=== Brief ===
Each entry is to be given again word for word; images are dropped.

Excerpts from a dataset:

<<<<

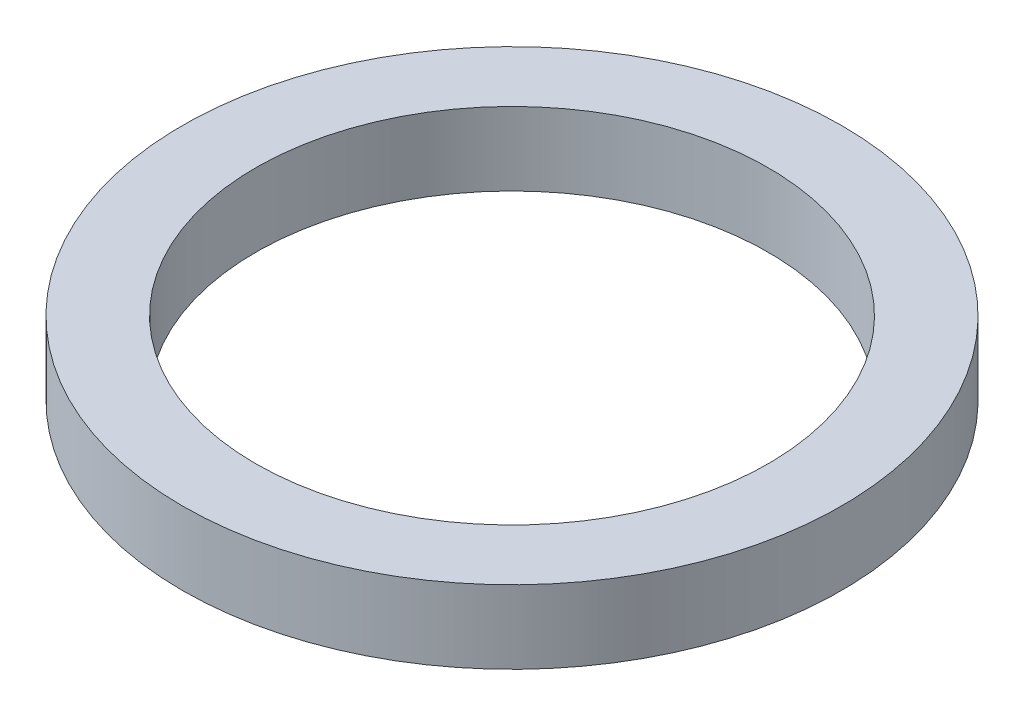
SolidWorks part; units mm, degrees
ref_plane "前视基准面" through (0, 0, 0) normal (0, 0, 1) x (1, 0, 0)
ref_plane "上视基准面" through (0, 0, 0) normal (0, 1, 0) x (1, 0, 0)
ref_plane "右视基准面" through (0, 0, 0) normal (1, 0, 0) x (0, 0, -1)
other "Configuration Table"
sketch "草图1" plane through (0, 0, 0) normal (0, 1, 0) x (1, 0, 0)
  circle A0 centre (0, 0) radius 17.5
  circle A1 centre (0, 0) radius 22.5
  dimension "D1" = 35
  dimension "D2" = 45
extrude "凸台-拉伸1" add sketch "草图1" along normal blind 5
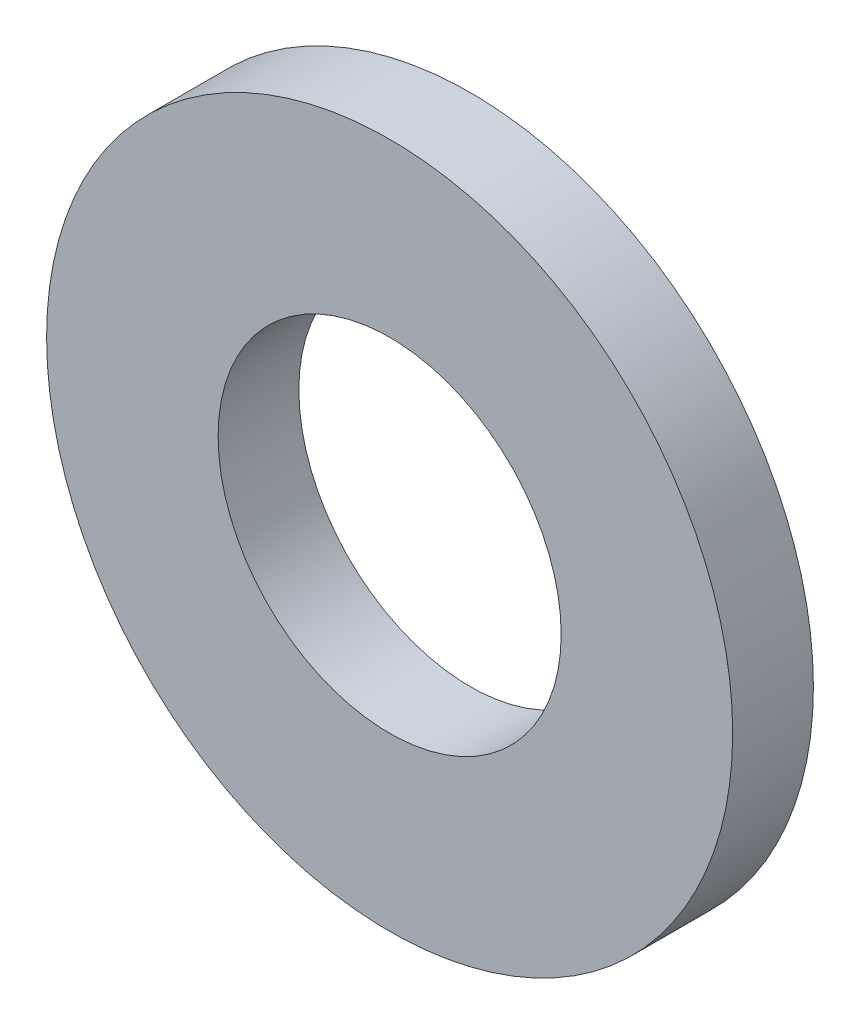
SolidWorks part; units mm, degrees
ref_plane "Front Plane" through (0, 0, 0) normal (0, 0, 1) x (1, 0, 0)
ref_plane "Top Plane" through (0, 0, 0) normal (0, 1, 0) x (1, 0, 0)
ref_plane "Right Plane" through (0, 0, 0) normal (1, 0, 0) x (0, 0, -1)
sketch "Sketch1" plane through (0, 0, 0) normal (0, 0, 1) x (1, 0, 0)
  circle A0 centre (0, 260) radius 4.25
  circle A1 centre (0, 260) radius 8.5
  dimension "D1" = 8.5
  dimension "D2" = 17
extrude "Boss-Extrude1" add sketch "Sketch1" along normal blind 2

>>>>

=== Response below ===
SolidWorks part; units mm, degrees
ref_plane "前视基准面" through (0, 0, 0) normal (0, 0, 1) x (1, 0, 0)
ref_plane "上视基准面" through (0, 0, 0) normal (0, 1, 0) x (1, 0, 0)
ref_plane "右视基准面" through (0, 0, 0) normal (1, 0, 0) x (0, 0, -1)
other "Configuration Table"
sketch "草图1" plane through (0, 0, 0) normal (0, 1, 0) x (1, 0, 0)
  circle A0 centre (0, 0) radius 17.5
  circle A1 centre (0, 0) radius 22.5
  dimension "D1" = 35
  dimension "D2" = 45
extrude "凸台-拉伸1" add sketch "草图1" along normal blind 5
SolidWorks part; units mm, degrees
ref_plane "Front Plane" through (0, 0, 0) normal (0, 0, 1) x (1, 0, 0)
ref_plane "Top Plane" through (0, 0, 0) normal (0, 1, 0) x (1, 0, 0)
ref_plane "Right Plane" through (0, 0, 0) normal (1, 0, 0) x (0, 0, -1)
sketch "Sketch1" plane through (0, 0, 0) normal (0, 0, 1) x (1, 0, 0)
  circle A0 centre (0, 260) radius 4.25
  circle A1 centre (0, 260) radius 8.5
  dimension "D1" = 8.5
  dimension "D2" = 17
extrude "Boss-Extrude1" add sketch "Sketch1" along normal blind 2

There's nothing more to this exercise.